■ EXERCISE AIM
Below is a block of entries; repeat exactly the lines starting at the line that contains "#67=EDGE_CURVE('E195',#66,#66,#64,.F.);" and ending at the line that contains "#79=CARTESIAN_POINT('',(-20.,0.,0.416666666666665));", both included.

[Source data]
━━━━━━

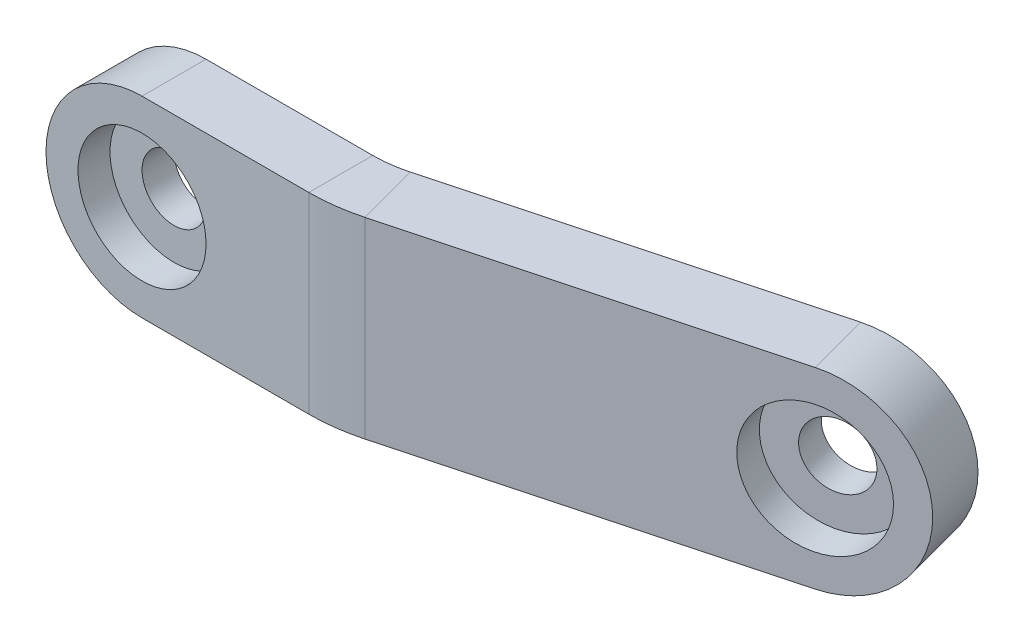
ISO-10303-21;
HEADER;
FILE_DESCRIPTION(('STEP AP214'),'2;1');
FILE_NAME('part.step','',(''),(''),'','','');
FILE_SCHEMA(('AUTOMOTIVE_DESIGN { 1 0 10303 214 1 1 1 1 }'));
ENDSEC;
DATA;
#1=APPLICATION_CONTEXT('core data for automotive mechanical design processes');
#2=APPLICATION_PROTOCOL_DEFINITION('international standard','automotive_design',2000,#1);
#3=PRODUCT_CONTEXT('',#1,'mechanical');
#4=PRODUCT('Part','Part','',(#3));
#5=PRODUCT_RELATED_PRODUCT_CATEGORY('part','',(#4));
#6=PRODUCT_DEFINITION_FORMATION('','',#4);
#7=PRODUCT_DEFINITION_CONTEXT('part definition',#1,'design');
#8=PRODUCT_DEFINITION('design','',#6,#7);
#9=PRODUCT_DEFINITION_SHAPE('','',#8);
#10=(LENGTH_UNIT() NAMED_UNIT(*) SI_UNIT(.MILLI.,.METRE.));
#11=(NAMED_UNIT(*) PLANE_ANGLE_UNIT() SI_UNIT($,.RADIAN.));
#12=(NAMED_UNIT(*) SI_UNIT($,.STERADIAN.) SOLID_ANGLE_UNIT());
#13=UNCERTAINTY_MEASURE_WITH_UNIT(LENGTH_MEASURE(1.E-05),#10,'distance_accuracy_value','');
#14=(GEOMETRIC_REPRESENTATION_CONTEXT(3) GLOBAL_UNCERTAINTY_ASSIGNED_CONTEXT((#13)) GLOBAL_UNIT_ASSIGNED_CONTEXT((#10,
#11,#12)) REPRESENTATION_CONTEXT('',''));
#15=CARTESIAN_POINT('',(0.,0.,0.));
#16=DIRECTION('',(0.,0.,1.));
#17=DIRECTION('',(1.,0.,0.));
#18=AXIS2_PLACEMENT_3D('',#15,#16,#17);
#19=CARTESIAN_POINT('',(19.2847768432247,0.,-13.5649973091008));
#20=DIRECTION('',(0.258819045102521,0.,0.965925826289068));
#21=DIRECTION('',(0.965925826289068,0.,-0.258819045102521));
#22=AXIS2_PLACEMENT_3D('',#19,#20,#21);
#23=CYLINDRICAL_SURFACE('',#22,2.5);
#24=CARTESIAN_POINT('',(20.8376911138399,0.,-7.76944235136641));
#25=DIRECTION('',(0.258819045102521,0.,0.965925826289068));
#26=DIRECTION('',(0.965925826289068,0.,-0.258819045102521));
#27=AXIS2_PLACEMENT_3D('',#24,#25,#26);
#28=CIRCLE('',#27,2.5);
#29=CARTESIAN_POINT('',(23.2525056795625,0.,-8.41648996412272));
#30=VERTEX_POINT('',#29);
#31=EDGE_CURVE('E206',#30,#30,#28,.T.);
#32=ORIENTED_EDGE('',*,*,#31,.F.);
#33=EDGE_LOOP('',(#32));
#34=FACE_BOUND('',#33,.T.);
#35=CARTESIAN_POINT('',(21.4847387265962,0.,-5.35462778564374));
#36=DIRECTION('',(0.258819045102521,0.,0.965925826289068));
#37=DIRECTION('',(0.965925826289068,0.,-0.258819045102521));
#38=AXIS2_PLACEMENT_3D('',#35,#36,#37);
#39=CIRCLE('',#38,2.5);
#40=CARTESIAN_POINT('',(23.8995532923188,0.,-6.00167539840004));
#41=VERTEX_POINT('',#40);
#42=EDGE_CURVE('E48',#41,#41,#39,.F.);
#43=ORIENTED_EDGE('',*,*,#42,.F.);
#44=EDGE_LOOP('',(#43));
#45=FACE_BOUND('',#44,.T.);
#46=ADVANCED_FACE('F44',(#34,#45),#23,.F.);
#47=CARTESIAN_POINT('',(-22.5,0.,-9.71058518963533));
#48=DIRECTION('',(0.,0.,1.));
#49=DIRECTION('',(1.,0.,0.));
#50=AXIS2_PLACEMENT_3D('',#47,#48,#49);
#51=CYLINDRICAL_SURFACE('',#50,2.5);
#52=CARTESIAN_POINT('',(-22.5,0.,0.));
#53=DIRECTION('',(0.,0.,1.));
#54=DIRECTION('',(1.,0.,0.));
#55=AXIS2_PLACEMENT_3D('',#52,#53,#54);
#56=CIRCLE('',#55,2.5);
#57=CARTESIAN_POINT('',(-20.,0.,0.));
#58=VERTEX_POINT('',#57);
#59=EDGE_CURVE('E193',#58,#58,#56,.T.);
#60=CARTESIAN_POINT('',(-22.5,0.,2.5));
#61=DIRECTION('',(0.,0.,1.));
#62=DIRECTION('',(1.,0.,0.));
#63=AXIS2_PLACEMENT_3D('',#60,#61,#62);
#64=CIRCLE('',#63,2.5);
#65=CARTESIAN_POINT('',(-20.,0.,2.5));
#66=VERTEX_POINT('',#65);
#67=EDGE_CURVE('E195',#66,#66,#64,.F.);
#68=CARTESIAN_POINT('',(-20.,0.,0.));
#69=CARTESIAN_POINT('',(-20.,0.,0.026041666666665));
#70=CARTESIAN_POINT('',(-20.,0.,0.0520833333333316));
#71=CARTESIAN_POINT('',(-20.,0.,0.104166666666665));
#72=CARTESIAN_POINT('',(-20.,0.,0.130208333333332));
#73=CARTESIAN_POINT('',(-20.,0.,0.182291666666665));
#74=CARTESIAN_POINT('',(-20.,0.,0.208333333333332));
#75=CARTESIAN_POINT('',(-20.,0.,0.260416666666665));
#76=CARTESIAN_POINT('',(-20.,0.,0.286458333333332));
#77=CARTESIAN_POINT('',(-20.,0.,0.338541666666665));
#78=CARTESIAN_POINT('',(-20.,0.,0.364583333333332));
#79=CARTESIAN_POINT('',(-20.,0.,0.416666666666665));
#80=CARTESIAN_POINT('',(-20.,0.,0.442708333333332));
#81=CARTESIAN_POINT('',(-20.,0.,0.494791666666665));
#82=CARTESIAN_POINT('',(-20.,0.,0.520833333333332));
#83=CARTESIAN_POINT('',(-20.,0.,0.572916666666666));
#84=CARTESIAN_POINT('',(-20.,0.,0.598958333333332));
#85=CARTESIAN_POINT('',(-20.,0.,0.651041666666666));
#86=CARTESIAN_POINT('',(-20.,0.,0.677083333333332));
#87=CARTESIAN_POINT('',(-20.,0.,0.729166666666666));
#88=CARTESIAN_POINT('',(-20.,0.,0.755208333333332));
#89=CARTESIAN_POINT('',(-20.,0.,0.807291666666666));
#90=CARTESIAN_POINT('',(-20.,0.,0.833333333333332));
#91=CARTESIAN_POINT('',(-20.,0.,0.885416666666666));
#92=CARTESIAN_POINT('',(-20.,0.,0.911458333333332));
#93=CARTESIAN_POINT('',(-20.,0.,0.963541666666666));
#94=CARTESIAN_POINT('',(-20.,0.,0.989583333333333));
#95=CARTESIAN_POINT('',(-20.,0.,1.04166666666667));
#96=CARTESIAN_POINT('',(-20.,0.,1.06770833333333));
#97=CARTESIAN_POINT('',(-20.,0.,1.11979166666667));
#98=CARTESIAN_POINT('',(-20.,0.,1.14583333333333));
#99=CARTESIAN_POINT('',(-20.,0.,1.19791666666667));
#100=CARTESIAN_POINT('',(-20.,0.,1.22395833333333));
#101=CARTESIAN_POINT('',(-20.,0.,1.27604166666667));
#102=CARTESIAN_POINT('',(-20.,0.,1.30208333333333));
#103=CARTESIAN_POINT('',(-20.,0.,1.35416666666667));
#104=CARTESIAN_POINT('',(-20.,0.,1.38020833333333));
#105=CARTESIAN_POINT('',(-20.,0.,1.43229166666667));
#106=CARTESIAN_POINT('',(-20.,0.,1.45833333333333));
#107=CARTESIAN_POINT('',(-20.,0.,1.51041666666667));
#108=CARTESIAN_POINT('',(-20.,0.,1.53645833333333));
#109=CARTESIAN_POINT('',(-20.,0.,1.58854166666667));
#110=CARTESIAN_POINT('',(-20.,0.,1.61458333333333));
#111=CARTESIAN_POINT('',(-20.,0.,1.66666666666667));
#112=CARTESIAN_POINT('',(-20.,0.,1.69270833333333));
#113=CARTESIAN_POINT('',(-20.,0.,1.74479166666667));
#114=CARTESIAN_POINT('',(-20.,0.,1.77083333333333));
#115=CARTESIAN_POINT('',(-20.,0.,1.82291666666667));
#116=CARTESIAN_POINT('',(-20.,0.,1.84895833333333));
#117=CARTESIAN_POINT('',(-20.,0.,1.90104166666667));
#118=CARTESIAN_POINT('',(-20.,0.,1.92708333333333));
#119=CARTESIAN_POINT('',(-20.,0.,1.97916666666667));
#120=CARTESIAN_POINT('',(-20.,0.,2.00520833333333));
#121=CARTESIAN_POINT('',(-20.,0.,2.05729166666667));
#122=CARTESIAN_POINT('',(-20.,0.,2.08333333333333));
#123=CARTESIAN_POINT('',(-20.,0.,2.13541666666667));
#124=CARTESIAN_POINT('',(-20.,0.,2.16145833333333));
#125=CARTESIAN_POINT('',(-20.,0.,2.21354166666667));
#126=CARTESIAN_POINT('',(-20.,0.,2.23958333333333));
#127=CARTESIAN_POINT('',(-20.,0.,2.29166666666667));
#128=CARTESIAN_POINT('',(-20.,0.,2.31770833333333));
#129=CARTESIAN_POINT('',(-20.,0.,2.36979166666667));
#130=CARTESIAN_POINT('',(-20.,0.,2.39583333333333));
#131=CARTESIAN_POINT('',(-20.,0.,2.44791666666667));
#132=CARTESIAN_POINT('',(-20.,0.,2.47395833333333));
#133=CARTESIAN_POINT('',(-20.,0.,2.5));
#134=B_SPLINE_CURVE_WITH_KNOTS('',3,(#68,#69,#70,#71,#72,#73,#74,#75,#76,#77,#78,#79,#80,#81,
#82,#83,#84,#85,#86,#87,#88,#89,#90,#91,#92,#93,#94,#95,#96,#97,#98,#99,#100,#101,#102,#103,
#104,#105,#106,#107,#108,#109,#110,#111,#112,#113,#114,#115,#116,#117,#118,#119,#120,#121,#122,
#123,#124,#125,#126,#127,#128,#129,#130,#131,#132,#133),.UNSPECIFIED.,.F.,.F.,(4,2,2,2,2,2,2,2,
2,2,2,2,2,2,2,2,2,2,2,2,2,2,2,2,2,2,2,2,2,2,2,2,4),(0.,0.0781250000000001,0.15625,0.234375,
0.3125,0.390625,0.46875,0.546875,0.625000000000001,0.703125000000001,0.781250000000001,
0.859375000000001,0.937500000000001,1.015625,1.09375,1.171875,1.25,1.328125,1.40625,1.484375,
1.5625,1.640625,1.71875,1.796875,1.875,1.953125,2.03125,2.109375,2.1875,2.265625,2.34375,
2.421875,2.5),.UNSPECIFIED.);
#135=EDGE_CURVE('BSEAM237',#58,#66,#134,.T.);
#136=ORIENTED_EDGE('',*,*,#59,.F.);
#137=ORIENTED_EDGE('',*,*,#67,.F.);
#138=ORIENTED_EDGE('',*,*,#135,.T.);
#139=ORIENTED_EDGE('',*,*,#135,.F.);
#140=EDGE_LOOP('',(#136,#138,#137,#139));
#141=FACE_BOUND('',#140,.T.);
#142=ADVANCED_FACE('F237',(#141),#51,.F.);
#143=CARTESIAN_POINT('',(-0.895639977664165,0.,-1.94601383655968));
#144=DIRECTION('',(0.258819045102521,0.,0.965925826289068));
#145=DIRECTION('',(0.965925826289068,0.,-0.258819045102521));
#146=AXIS2_PLACEMENT_3D('',#143,#144,#145);
#147=PLANE('',#146);
#148=ORIENTED_EDGE('',*,*,#31,.T.);
#149=EDGE_LOOP('',(#148));
#150=FACE_BOUND('',#149,.T.);
#151=DIRECTION('',(0.965925826289068,0.,-0.258819045102521));
#152=VECTOR('',#151,1.);
#153=CARTESIAN_POINT('',(-0.895639977664165,-7.50000000000001,-1.94601383655968));
#154=LINE('',#153,#152);
#155=CARTESIAN_POINT('',(-6.88659701278567,-7.50000000000001,-0.340741737109316));
#156=VERTEX_POINT('',#155);
#157=CARTESIAN_POINT('',(20.8376911138399,-7.5,-7.76944235136641));
#158=VERTEX_POINT('',#157);
#159=EDGE_CURVE('E61',#156,#158,#154,.T.);
#160=ORIENTED_EDGE('',*,*,#159,.F.);
#161=DIRECTION('',(0.,1.,0.));
#162=VECTOR('',#161,1.);
#163=CARTESIAN_POINT('',(-6.88659701278567,0.,-0.340741737109316));
#164=LINE('',#163,#162);
#165=CARTESIAN_POINT('',(-6.88659701278567,7.50000000000001,-0.340741737109316));
#166=VERTEX_POINT('',#165);
#167=EDGE_CURVE('E53',#156,#166,#164,.T.);
#168=ORIENTED_EDGE('',*,*,#167,.T.);
#169=DIRECTION('',(0.965925826289068,0.,-0.258819045102521));
#170=VECTOR('',#169,1.);
#171=CARTESIAN_POINT('',(-0.895639977664165,7.50000000000001,-1.94601383655968));
#172=LINE('',#171,#170);
#173=CARTESIAN_POINT('',(20.8376911138399,7.50000000000002,-7.76944235136641));
#174=VERTEX_POINT('',#173);
#175=EDGE_CURVE('E69',#166,#174,#172,.T.);
#176=ORIENTED_EDGE('',*,*,#175,.T.);
#177=CARTESIAN_POINT('',(20.8376911138399,0.,-7.76944235136641));
#178=DIRECTION('',(0.258819045102521,0.,0.965925826289068));
#179=DIRECTION('',(0.965925826289068,0.,-0.258819045102521));
#180=AXIS2_PLACEMENT_3D('',#177,#178,#179);
#181=CIRCLE('',#180,7.50000000000001);
#182=EDGE_CURVE('E147',#158,#174,#181,.T.);
#183=ORIENTED_EDGE('',*,*,#182,.F.);
#184=EDGE_LOOP('',(#160,#168,#176,#183));
#185=FACE_BOUND('',#184,.T.);
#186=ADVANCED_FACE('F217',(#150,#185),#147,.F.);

━━━━━━

■ TASK ANSWER
#67=EDGE_CURVE('E195',#66,#66,#64,.F.);
#68=CARTESIAN_POINT('',(-20.,0.,0.));
#69=CARTESIAN_POINT('',(-20.,0.,0.026041666666665));
#70=CARTESIAN_POINT('',(-20.,0.,0.0520833333333316));
#71=CARTESIAN_POINT('',(-20.,0.,0.104166666666665));
#72=CARTESIAN_POINT('',(-20.,0.,0.130208333333332));
#73=CARTESIAN_POINT('',(-20.,0.,0.182291666666665));
#74=CARTESIAN_POINT('',(-20.,0.,0.208333333333332));
#75=CARTESIAN_POINT('',(-20.,0.,0.260416666666665));
#76=CARTESIAN_POINT('',(-20.,0.,0.286458333333332));
#77=CARTESIAN_POINT('',(-20.,0.,0.338541666666665));
#78=CARTESIAN_POINT('',(-20.,0.,0.364583333333332));
#79=CARTESIAN_POINT('',(-20.,0.,0.416666666666665));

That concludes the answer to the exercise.